**What to work on:** Take each line from the entries that holds "insert" and copy it out.

**Data section:**
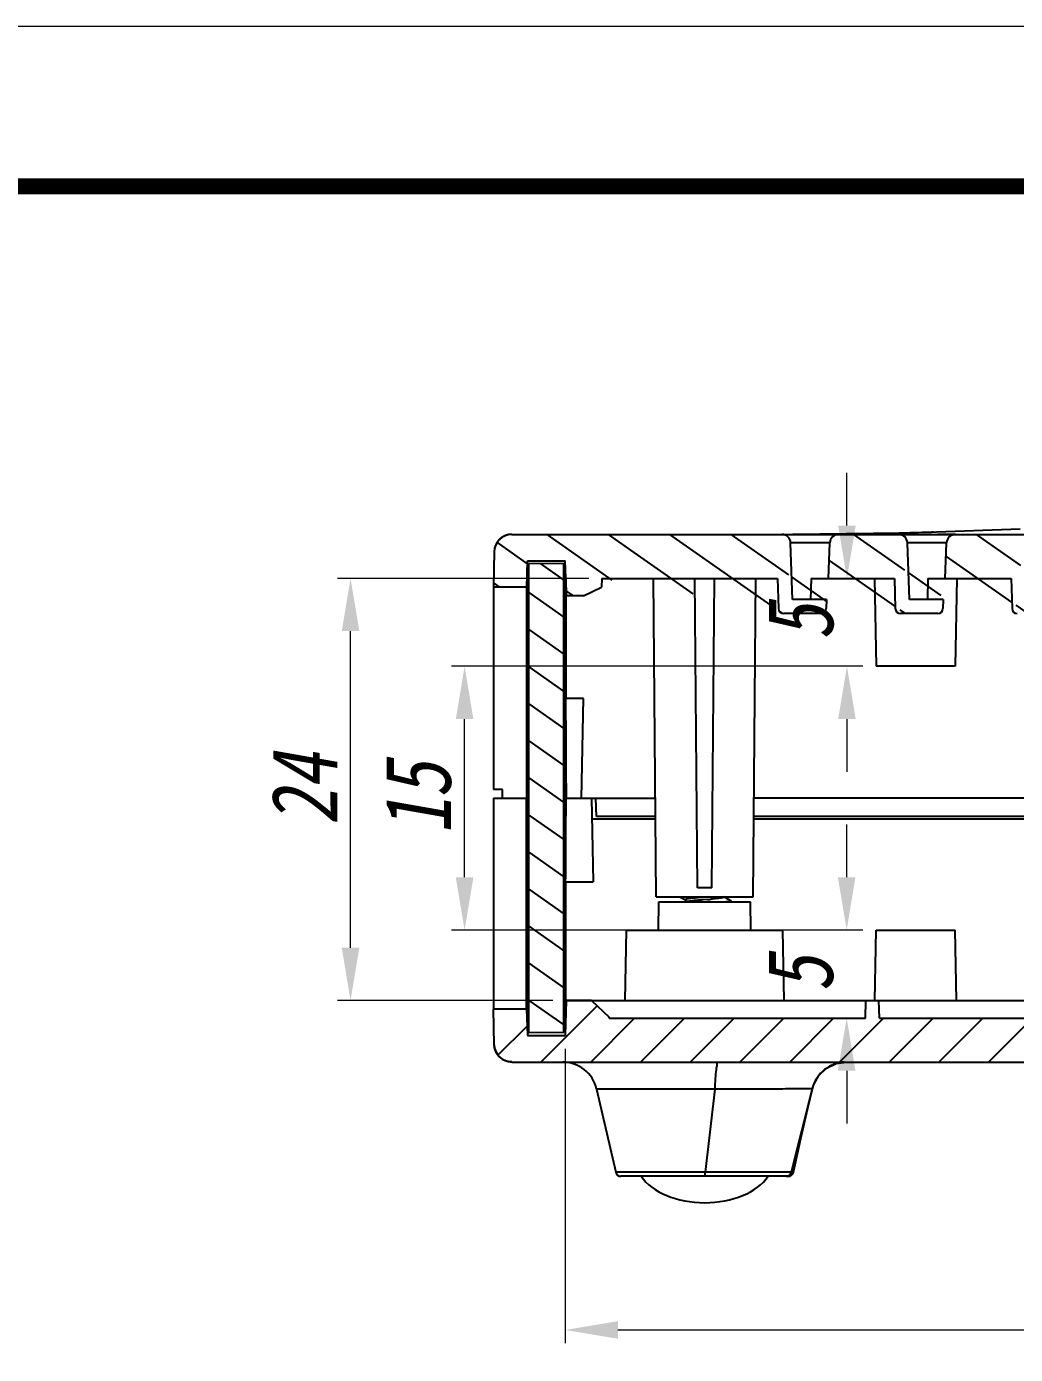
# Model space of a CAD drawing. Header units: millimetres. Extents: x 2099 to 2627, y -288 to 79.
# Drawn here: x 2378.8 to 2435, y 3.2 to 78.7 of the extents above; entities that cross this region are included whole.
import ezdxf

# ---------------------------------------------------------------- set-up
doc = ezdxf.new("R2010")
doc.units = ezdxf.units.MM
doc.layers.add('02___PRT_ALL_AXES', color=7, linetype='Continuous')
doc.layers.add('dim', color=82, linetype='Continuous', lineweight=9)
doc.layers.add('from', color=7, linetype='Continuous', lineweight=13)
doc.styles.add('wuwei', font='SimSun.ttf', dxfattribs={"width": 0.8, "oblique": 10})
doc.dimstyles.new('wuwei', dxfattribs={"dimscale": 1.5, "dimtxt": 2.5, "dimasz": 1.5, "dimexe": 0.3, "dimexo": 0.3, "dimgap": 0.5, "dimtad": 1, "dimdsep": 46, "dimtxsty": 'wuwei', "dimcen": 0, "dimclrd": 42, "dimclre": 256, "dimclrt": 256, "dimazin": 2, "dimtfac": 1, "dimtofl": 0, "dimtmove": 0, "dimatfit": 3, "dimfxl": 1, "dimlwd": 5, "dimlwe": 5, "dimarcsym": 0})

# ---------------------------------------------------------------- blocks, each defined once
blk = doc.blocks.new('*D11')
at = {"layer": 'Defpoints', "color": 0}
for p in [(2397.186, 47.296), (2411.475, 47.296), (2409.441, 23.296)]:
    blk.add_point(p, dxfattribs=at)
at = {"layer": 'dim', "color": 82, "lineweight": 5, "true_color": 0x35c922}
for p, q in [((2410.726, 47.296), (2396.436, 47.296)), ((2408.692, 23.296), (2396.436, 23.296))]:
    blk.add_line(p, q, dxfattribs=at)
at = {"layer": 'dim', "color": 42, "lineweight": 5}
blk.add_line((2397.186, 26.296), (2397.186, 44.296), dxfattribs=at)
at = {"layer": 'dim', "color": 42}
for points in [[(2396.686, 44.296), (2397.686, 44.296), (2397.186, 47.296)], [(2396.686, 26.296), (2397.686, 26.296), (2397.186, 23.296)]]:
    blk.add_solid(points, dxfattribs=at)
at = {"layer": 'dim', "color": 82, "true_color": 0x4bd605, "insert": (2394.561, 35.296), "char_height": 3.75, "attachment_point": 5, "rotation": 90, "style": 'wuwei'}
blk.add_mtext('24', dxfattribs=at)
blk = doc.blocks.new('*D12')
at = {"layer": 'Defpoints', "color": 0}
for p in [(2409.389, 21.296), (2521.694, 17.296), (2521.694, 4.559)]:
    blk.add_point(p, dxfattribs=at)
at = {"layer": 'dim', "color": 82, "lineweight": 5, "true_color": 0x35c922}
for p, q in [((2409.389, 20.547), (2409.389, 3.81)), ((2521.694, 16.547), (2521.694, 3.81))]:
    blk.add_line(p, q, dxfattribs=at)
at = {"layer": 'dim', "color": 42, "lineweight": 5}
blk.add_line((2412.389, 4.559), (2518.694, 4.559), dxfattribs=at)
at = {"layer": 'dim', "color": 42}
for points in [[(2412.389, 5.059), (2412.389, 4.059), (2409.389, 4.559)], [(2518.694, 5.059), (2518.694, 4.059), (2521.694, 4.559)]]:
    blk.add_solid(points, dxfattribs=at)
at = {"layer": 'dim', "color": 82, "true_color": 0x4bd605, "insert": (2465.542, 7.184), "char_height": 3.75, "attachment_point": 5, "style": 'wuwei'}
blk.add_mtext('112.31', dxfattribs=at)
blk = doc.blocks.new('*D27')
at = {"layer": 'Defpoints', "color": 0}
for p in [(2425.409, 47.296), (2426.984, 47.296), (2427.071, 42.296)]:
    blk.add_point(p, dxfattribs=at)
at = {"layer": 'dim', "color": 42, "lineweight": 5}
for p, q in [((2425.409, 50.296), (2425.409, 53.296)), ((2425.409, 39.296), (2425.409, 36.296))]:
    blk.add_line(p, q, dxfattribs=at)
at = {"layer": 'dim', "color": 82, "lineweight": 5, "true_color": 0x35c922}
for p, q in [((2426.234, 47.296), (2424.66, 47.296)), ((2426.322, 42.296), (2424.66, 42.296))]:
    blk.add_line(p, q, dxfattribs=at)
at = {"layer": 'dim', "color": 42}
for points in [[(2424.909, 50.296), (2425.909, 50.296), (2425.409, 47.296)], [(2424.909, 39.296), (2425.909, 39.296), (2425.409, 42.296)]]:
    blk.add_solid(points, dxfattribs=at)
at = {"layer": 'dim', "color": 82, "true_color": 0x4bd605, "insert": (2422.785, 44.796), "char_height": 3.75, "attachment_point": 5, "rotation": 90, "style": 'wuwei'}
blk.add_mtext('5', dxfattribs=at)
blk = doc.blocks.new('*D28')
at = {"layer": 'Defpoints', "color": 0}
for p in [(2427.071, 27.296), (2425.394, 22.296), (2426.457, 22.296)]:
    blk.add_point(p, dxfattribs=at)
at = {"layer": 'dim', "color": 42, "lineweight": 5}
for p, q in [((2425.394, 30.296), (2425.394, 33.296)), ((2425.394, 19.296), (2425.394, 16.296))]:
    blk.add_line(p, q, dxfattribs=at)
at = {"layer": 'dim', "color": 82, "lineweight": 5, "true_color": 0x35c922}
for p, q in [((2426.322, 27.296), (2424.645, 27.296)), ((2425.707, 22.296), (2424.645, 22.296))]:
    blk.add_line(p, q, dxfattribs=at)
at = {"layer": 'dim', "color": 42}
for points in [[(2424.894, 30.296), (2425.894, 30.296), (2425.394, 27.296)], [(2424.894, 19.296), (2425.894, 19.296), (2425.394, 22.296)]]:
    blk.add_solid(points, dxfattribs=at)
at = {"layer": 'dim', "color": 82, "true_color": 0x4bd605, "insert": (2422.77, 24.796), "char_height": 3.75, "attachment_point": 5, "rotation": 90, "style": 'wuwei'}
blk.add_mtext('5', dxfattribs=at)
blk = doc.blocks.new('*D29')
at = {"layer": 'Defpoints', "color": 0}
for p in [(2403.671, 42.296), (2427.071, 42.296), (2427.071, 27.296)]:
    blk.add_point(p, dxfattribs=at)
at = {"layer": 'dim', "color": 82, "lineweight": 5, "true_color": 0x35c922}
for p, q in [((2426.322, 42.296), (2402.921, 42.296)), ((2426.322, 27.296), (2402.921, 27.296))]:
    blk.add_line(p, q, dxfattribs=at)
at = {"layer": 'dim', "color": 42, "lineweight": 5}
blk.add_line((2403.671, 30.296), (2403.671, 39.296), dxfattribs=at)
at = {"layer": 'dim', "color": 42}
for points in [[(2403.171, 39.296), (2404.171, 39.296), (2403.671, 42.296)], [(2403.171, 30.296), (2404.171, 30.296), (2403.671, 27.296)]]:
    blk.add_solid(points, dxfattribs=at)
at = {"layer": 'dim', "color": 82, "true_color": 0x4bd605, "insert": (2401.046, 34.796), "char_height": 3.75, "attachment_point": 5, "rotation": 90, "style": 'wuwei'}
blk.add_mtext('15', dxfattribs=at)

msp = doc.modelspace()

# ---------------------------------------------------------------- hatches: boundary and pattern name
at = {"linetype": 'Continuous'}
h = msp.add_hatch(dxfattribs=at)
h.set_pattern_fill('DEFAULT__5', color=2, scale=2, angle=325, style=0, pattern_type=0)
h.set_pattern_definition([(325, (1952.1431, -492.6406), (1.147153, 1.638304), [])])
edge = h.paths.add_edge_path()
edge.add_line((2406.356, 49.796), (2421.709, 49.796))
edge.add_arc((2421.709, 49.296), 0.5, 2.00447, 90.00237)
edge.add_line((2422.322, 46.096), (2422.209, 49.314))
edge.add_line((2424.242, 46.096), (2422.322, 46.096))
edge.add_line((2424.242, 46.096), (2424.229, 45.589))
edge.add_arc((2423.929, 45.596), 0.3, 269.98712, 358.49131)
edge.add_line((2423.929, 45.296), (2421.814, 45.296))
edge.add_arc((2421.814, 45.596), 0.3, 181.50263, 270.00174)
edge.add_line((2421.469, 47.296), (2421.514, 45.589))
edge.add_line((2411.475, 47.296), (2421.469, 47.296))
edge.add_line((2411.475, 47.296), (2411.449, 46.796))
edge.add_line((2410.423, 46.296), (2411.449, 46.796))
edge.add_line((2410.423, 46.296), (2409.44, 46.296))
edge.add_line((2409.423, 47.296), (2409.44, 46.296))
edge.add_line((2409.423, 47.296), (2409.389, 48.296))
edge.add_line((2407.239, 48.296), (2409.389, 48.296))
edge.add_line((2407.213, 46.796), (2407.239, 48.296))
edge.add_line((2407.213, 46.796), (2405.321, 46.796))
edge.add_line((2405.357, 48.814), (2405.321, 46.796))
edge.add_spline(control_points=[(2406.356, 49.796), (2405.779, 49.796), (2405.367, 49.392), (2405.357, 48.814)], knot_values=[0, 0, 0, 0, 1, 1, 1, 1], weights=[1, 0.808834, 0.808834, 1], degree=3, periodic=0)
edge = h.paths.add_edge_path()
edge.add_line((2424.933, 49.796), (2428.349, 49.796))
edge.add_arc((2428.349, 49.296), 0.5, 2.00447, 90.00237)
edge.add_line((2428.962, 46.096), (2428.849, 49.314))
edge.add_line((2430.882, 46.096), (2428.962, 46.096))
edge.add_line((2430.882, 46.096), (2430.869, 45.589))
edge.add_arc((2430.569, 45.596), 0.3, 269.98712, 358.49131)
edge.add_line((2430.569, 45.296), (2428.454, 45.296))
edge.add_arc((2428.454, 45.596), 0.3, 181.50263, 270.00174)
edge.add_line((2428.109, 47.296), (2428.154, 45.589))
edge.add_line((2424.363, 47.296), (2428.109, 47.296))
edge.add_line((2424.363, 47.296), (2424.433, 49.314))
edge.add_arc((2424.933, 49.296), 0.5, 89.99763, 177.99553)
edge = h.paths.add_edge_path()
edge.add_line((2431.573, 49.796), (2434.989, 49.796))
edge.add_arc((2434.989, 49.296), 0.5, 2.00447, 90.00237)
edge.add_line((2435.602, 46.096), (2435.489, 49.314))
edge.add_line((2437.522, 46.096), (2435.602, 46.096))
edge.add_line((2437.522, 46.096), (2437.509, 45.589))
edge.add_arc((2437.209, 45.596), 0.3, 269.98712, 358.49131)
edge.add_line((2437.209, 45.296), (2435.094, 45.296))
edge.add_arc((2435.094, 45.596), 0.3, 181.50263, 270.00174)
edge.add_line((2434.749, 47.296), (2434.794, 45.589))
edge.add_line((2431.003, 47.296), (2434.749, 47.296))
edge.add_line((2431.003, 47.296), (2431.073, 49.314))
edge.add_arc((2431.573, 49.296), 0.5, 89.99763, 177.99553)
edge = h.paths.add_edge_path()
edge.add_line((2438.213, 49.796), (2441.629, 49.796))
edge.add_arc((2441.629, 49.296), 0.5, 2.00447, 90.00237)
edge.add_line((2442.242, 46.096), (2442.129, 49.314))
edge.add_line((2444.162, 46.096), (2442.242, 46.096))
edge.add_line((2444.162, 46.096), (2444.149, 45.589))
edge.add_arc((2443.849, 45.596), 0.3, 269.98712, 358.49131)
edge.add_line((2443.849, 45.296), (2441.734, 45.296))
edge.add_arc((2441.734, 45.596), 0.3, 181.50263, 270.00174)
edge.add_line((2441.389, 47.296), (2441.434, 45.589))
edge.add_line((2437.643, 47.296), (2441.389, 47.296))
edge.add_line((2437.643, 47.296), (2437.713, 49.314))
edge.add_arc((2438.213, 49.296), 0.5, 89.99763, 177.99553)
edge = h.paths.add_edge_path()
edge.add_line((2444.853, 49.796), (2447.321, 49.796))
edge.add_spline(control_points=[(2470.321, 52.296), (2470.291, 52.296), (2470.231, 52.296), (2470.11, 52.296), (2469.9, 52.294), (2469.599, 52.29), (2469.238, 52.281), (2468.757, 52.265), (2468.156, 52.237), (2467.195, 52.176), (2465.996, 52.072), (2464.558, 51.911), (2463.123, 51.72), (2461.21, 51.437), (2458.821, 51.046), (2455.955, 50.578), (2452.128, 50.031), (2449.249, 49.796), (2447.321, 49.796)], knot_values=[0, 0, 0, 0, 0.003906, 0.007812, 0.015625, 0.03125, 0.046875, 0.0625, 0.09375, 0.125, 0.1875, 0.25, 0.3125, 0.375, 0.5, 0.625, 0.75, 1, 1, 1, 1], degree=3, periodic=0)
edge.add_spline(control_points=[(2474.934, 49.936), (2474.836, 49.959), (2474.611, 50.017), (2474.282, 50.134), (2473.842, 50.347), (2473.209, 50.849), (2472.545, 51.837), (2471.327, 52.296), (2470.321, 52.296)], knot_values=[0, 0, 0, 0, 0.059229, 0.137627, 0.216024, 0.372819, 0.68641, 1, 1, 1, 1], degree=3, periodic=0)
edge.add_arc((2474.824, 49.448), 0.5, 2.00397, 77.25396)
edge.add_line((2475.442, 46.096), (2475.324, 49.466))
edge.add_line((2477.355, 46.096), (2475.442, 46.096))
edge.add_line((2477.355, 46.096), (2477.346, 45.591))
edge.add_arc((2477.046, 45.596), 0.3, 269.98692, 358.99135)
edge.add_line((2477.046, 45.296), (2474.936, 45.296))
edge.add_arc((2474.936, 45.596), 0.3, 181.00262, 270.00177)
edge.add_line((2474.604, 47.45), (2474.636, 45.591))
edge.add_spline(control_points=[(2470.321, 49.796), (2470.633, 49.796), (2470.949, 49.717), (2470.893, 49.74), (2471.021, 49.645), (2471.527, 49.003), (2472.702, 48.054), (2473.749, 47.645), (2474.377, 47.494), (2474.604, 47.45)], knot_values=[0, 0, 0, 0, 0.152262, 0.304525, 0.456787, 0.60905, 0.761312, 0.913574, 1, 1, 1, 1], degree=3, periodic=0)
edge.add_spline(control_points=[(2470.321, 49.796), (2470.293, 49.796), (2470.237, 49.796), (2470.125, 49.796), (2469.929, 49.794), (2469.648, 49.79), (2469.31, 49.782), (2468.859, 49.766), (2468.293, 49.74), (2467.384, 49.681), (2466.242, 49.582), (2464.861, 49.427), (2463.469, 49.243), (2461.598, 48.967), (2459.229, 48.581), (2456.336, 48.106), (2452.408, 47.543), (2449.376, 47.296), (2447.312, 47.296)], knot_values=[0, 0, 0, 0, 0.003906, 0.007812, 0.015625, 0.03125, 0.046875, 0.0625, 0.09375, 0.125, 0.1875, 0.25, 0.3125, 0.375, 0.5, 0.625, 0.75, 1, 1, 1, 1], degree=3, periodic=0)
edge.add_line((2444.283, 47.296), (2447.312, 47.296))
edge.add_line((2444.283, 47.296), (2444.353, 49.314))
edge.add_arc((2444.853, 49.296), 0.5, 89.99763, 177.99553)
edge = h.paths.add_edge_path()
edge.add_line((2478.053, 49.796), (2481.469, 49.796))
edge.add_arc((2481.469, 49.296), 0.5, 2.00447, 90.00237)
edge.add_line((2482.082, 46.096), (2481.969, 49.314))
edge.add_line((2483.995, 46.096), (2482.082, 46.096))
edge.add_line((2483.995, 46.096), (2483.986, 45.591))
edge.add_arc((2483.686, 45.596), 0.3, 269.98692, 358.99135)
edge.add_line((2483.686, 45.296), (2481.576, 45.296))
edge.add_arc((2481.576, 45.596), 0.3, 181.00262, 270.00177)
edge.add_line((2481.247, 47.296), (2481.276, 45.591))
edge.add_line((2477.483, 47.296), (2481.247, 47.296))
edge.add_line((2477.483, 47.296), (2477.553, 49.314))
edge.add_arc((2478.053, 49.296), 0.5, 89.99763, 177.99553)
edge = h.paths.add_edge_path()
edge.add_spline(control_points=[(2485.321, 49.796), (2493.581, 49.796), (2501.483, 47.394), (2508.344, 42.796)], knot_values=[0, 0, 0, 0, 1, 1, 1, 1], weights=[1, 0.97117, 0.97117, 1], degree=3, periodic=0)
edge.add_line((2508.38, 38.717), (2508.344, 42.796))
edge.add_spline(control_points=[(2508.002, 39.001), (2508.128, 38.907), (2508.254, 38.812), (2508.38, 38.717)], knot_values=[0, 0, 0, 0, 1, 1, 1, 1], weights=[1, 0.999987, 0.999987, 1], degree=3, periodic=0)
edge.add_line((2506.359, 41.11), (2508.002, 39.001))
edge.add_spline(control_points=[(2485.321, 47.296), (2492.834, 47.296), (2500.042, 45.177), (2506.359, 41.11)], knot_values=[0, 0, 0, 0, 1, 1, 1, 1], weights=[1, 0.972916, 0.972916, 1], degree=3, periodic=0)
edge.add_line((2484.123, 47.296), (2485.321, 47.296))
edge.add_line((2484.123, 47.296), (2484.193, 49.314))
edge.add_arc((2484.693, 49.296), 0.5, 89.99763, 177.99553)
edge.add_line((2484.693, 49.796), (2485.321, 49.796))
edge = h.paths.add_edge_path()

**Written answer:**
at = {"layer": 'dim', "color": 82, "true_color": 0x4bd605, "insert": (2394.561, 35.296), "char_height": 3.75, "attachment_point": 5, "rotation": 90, "style": 'wuwei'}
at = {"layer": 'dim', "color": 82, "true_color": 0x4bd605, "insert": (2465.542, 7.184), "char_height": 3.75, "attachment_point": 5, "style": 'wuwei'}
at = {"layer": 'dim', "color": 82, "true_color": 0x4bd605, "insert": (2422.785, 44.796), "char_height": 3.75, "attachment_point": 5, "rotation": 90, "style": 'wuwei'}
at = {"layer": 'dim', "color": 82, "true_color": 0x4bd605, "insert": (2422.77, 24.796), "char_height": 3.75, "attachment_point": 5, "rotation": 90, "style": 'wuwei'}
at = {"layer": 'dim', "color": 82, "true_color": 0x4bd605, "insert": (2401.046, 34.796), "char_height": 3.75, "attachment_point": 5, "rotation": 90, "style": 'wuwei'}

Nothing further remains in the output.